:: Work instructions ::
Nothing outside the range is wanted. Repeat exactly the lines below from the one with "220l1 1M464 231h2M464" through the one with "253v5M62 259v3M65 249h-3v3M66".

•••

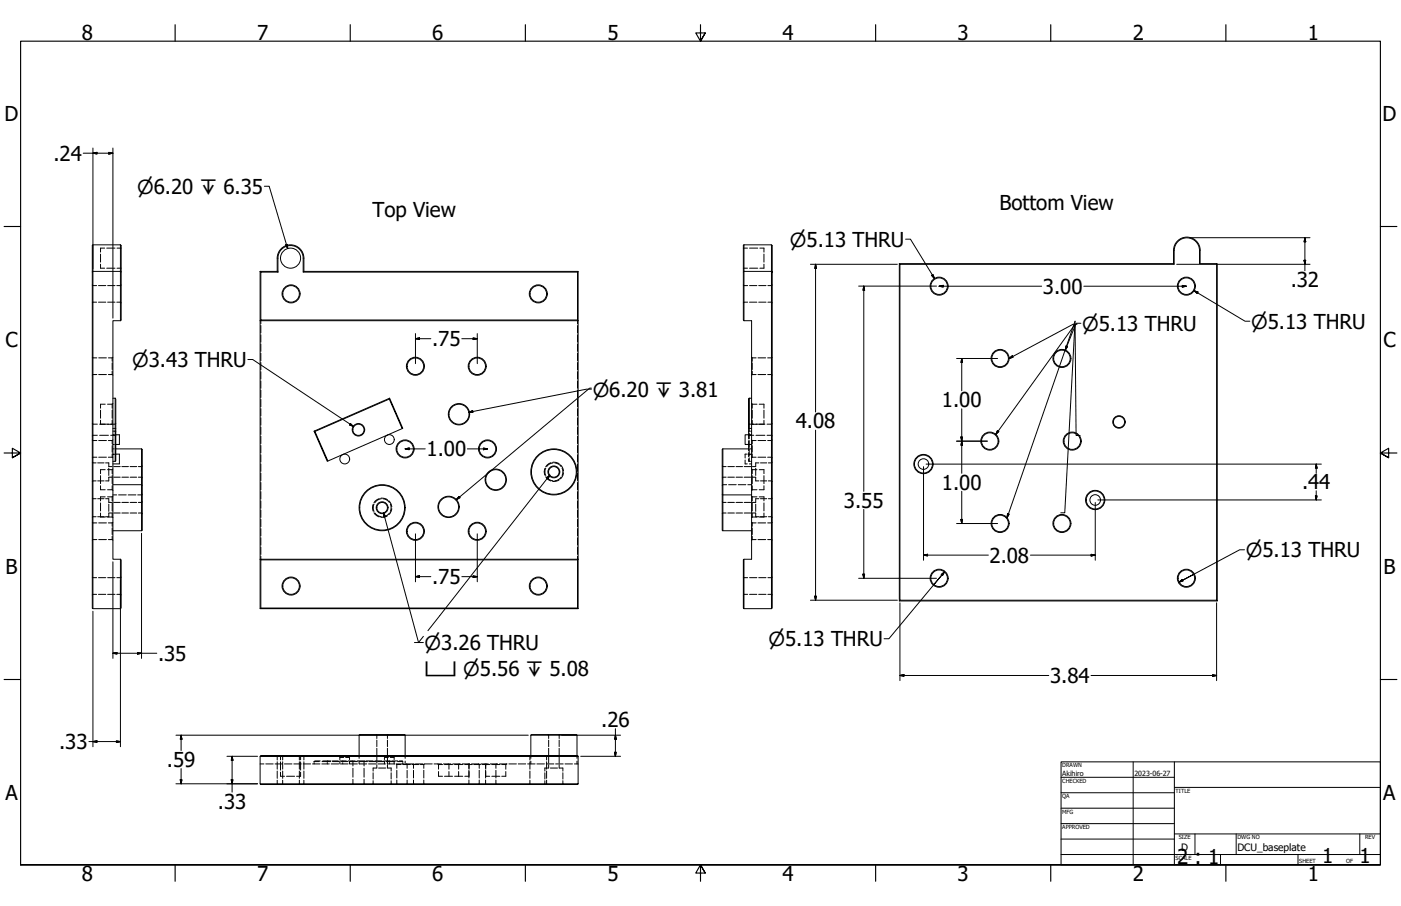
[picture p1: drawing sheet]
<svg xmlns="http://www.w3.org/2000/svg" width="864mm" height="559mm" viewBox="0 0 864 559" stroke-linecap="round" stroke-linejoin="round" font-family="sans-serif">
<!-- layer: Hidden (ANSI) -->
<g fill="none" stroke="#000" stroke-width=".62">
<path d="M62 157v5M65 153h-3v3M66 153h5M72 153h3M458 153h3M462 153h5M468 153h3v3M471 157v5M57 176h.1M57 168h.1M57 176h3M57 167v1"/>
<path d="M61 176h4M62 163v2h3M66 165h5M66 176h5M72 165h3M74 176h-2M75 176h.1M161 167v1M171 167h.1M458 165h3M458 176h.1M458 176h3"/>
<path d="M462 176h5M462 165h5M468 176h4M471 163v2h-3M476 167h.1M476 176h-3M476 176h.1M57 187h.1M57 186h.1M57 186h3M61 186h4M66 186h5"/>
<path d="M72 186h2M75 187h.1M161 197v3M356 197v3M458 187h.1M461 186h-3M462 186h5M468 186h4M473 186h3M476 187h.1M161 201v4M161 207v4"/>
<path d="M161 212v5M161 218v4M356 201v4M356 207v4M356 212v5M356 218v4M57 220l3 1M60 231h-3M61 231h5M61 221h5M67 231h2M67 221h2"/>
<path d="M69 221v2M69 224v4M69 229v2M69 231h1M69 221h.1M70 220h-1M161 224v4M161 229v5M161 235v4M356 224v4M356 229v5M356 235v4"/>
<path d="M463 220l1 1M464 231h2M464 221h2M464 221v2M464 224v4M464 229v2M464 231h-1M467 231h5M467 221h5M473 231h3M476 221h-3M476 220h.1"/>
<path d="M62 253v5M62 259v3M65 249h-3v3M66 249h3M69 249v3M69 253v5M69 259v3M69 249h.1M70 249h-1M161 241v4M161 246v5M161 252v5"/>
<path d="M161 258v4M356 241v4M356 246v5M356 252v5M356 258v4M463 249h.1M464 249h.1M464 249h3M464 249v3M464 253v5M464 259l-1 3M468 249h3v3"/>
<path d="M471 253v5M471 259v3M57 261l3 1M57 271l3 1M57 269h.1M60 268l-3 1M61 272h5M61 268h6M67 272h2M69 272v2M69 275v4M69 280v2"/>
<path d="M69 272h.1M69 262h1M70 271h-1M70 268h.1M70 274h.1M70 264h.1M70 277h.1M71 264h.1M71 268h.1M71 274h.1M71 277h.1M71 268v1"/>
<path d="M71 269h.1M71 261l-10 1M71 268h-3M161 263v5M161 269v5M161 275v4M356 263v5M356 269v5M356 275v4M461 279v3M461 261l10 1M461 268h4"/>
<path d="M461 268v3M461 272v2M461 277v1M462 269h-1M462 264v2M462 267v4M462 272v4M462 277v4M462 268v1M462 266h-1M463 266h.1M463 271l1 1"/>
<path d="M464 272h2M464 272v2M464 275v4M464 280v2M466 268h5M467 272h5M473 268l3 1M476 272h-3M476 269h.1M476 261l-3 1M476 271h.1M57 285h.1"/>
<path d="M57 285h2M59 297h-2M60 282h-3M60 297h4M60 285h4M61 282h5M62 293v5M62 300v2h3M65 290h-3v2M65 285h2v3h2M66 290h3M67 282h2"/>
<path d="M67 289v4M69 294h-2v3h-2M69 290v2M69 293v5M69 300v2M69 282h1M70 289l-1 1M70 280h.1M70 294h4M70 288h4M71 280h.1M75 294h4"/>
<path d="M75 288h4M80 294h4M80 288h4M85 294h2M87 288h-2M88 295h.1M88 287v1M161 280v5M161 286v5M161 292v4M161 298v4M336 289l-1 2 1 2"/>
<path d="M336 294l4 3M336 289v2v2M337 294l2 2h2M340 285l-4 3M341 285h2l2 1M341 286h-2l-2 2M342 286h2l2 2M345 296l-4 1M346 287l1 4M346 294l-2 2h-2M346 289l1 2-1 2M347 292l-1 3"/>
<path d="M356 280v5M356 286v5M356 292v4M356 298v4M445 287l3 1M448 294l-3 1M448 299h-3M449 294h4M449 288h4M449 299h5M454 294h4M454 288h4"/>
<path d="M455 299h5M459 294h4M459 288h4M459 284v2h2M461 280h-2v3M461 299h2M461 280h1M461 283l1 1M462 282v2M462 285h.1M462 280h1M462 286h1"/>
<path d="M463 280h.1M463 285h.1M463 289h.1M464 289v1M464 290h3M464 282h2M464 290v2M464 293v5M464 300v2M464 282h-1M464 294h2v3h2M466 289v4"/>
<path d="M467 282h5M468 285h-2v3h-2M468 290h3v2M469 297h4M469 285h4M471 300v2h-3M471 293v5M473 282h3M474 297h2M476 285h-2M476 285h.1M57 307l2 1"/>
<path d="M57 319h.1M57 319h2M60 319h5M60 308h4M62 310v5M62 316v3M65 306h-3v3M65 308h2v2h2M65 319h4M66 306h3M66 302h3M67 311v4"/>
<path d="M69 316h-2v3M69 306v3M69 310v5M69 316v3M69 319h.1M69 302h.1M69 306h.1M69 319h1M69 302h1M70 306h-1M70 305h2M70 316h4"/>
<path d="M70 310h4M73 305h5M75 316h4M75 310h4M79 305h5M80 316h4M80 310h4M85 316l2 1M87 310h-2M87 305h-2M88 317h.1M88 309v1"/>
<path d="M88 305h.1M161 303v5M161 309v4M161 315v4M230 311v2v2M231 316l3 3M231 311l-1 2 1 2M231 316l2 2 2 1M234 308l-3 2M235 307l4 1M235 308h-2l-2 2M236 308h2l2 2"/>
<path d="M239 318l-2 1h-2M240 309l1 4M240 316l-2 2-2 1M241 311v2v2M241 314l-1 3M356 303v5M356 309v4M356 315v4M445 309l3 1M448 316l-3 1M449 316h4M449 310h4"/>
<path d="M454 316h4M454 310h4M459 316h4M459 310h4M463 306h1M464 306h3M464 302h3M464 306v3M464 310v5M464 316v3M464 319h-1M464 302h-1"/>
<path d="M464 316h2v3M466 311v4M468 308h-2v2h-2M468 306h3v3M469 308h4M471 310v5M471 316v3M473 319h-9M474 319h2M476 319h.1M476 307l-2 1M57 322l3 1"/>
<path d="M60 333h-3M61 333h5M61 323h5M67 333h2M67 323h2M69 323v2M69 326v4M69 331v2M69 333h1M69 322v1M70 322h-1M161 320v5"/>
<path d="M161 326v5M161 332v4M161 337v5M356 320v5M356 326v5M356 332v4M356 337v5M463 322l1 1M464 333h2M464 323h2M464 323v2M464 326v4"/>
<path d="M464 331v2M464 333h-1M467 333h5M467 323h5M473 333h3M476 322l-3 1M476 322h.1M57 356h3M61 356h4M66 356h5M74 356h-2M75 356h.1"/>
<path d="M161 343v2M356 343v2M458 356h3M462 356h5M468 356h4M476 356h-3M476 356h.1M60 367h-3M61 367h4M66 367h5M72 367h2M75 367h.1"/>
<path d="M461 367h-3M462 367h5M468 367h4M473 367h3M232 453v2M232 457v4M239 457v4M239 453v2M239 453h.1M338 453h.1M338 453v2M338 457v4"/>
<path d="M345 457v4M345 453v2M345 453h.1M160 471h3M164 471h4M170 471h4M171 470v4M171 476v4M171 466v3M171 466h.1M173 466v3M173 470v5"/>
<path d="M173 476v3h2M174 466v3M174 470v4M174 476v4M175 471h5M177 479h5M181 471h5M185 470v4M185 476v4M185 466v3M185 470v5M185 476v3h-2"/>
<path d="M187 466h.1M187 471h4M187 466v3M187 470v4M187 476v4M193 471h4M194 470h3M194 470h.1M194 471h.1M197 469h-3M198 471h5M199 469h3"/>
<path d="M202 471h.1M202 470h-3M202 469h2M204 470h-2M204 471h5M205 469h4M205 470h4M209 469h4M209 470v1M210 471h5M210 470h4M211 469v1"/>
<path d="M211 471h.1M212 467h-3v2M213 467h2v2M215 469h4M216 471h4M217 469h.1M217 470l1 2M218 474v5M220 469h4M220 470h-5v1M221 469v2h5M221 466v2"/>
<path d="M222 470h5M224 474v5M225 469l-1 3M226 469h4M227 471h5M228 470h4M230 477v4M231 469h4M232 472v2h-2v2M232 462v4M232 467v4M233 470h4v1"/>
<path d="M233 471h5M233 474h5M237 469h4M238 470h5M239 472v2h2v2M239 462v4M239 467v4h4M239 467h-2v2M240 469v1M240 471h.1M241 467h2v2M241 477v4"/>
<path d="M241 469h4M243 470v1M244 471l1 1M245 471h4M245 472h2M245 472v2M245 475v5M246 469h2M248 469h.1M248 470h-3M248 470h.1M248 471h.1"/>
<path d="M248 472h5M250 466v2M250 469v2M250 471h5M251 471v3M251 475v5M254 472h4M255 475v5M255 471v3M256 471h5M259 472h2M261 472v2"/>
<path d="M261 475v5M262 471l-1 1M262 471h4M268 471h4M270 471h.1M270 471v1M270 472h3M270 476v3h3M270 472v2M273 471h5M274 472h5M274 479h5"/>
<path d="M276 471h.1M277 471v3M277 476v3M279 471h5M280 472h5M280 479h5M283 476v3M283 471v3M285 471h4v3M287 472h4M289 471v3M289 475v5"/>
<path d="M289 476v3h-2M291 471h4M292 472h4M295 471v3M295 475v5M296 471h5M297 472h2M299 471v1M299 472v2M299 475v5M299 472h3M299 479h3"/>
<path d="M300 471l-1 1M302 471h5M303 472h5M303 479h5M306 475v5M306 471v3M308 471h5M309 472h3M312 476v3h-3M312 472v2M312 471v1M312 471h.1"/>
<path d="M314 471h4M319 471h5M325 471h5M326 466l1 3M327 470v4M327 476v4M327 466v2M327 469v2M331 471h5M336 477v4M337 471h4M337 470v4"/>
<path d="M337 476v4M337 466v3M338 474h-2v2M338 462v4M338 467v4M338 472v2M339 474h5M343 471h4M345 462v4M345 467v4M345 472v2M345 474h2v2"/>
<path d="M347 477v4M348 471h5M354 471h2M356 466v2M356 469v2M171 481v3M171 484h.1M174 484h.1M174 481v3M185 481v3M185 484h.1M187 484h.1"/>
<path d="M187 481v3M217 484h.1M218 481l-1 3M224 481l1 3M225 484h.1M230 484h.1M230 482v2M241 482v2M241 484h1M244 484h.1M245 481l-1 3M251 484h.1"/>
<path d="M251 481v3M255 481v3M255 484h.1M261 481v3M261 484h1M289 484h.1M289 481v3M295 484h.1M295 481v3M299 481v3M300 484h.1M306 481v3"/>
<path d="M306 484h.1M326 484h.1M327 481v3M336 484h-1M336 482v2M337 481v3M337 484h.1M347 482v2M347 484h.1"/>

•••

:: Written solution ::
<path d="M463 220l1 1M464 231h2M464 221h2M464 221v2M464 224v4M464 229v2M464 231h-1M467 231h5M467 221h5M473 231h3M476 221h-3M476 220h.1"/>
<path d="M62 253v5M62 259v3M65 249h-3v3M66 249h3M69 249v3M69 253v5M69 259v3M69 249h.1M70 249h-1M161 241v4M161 246v5M161 252v5"/>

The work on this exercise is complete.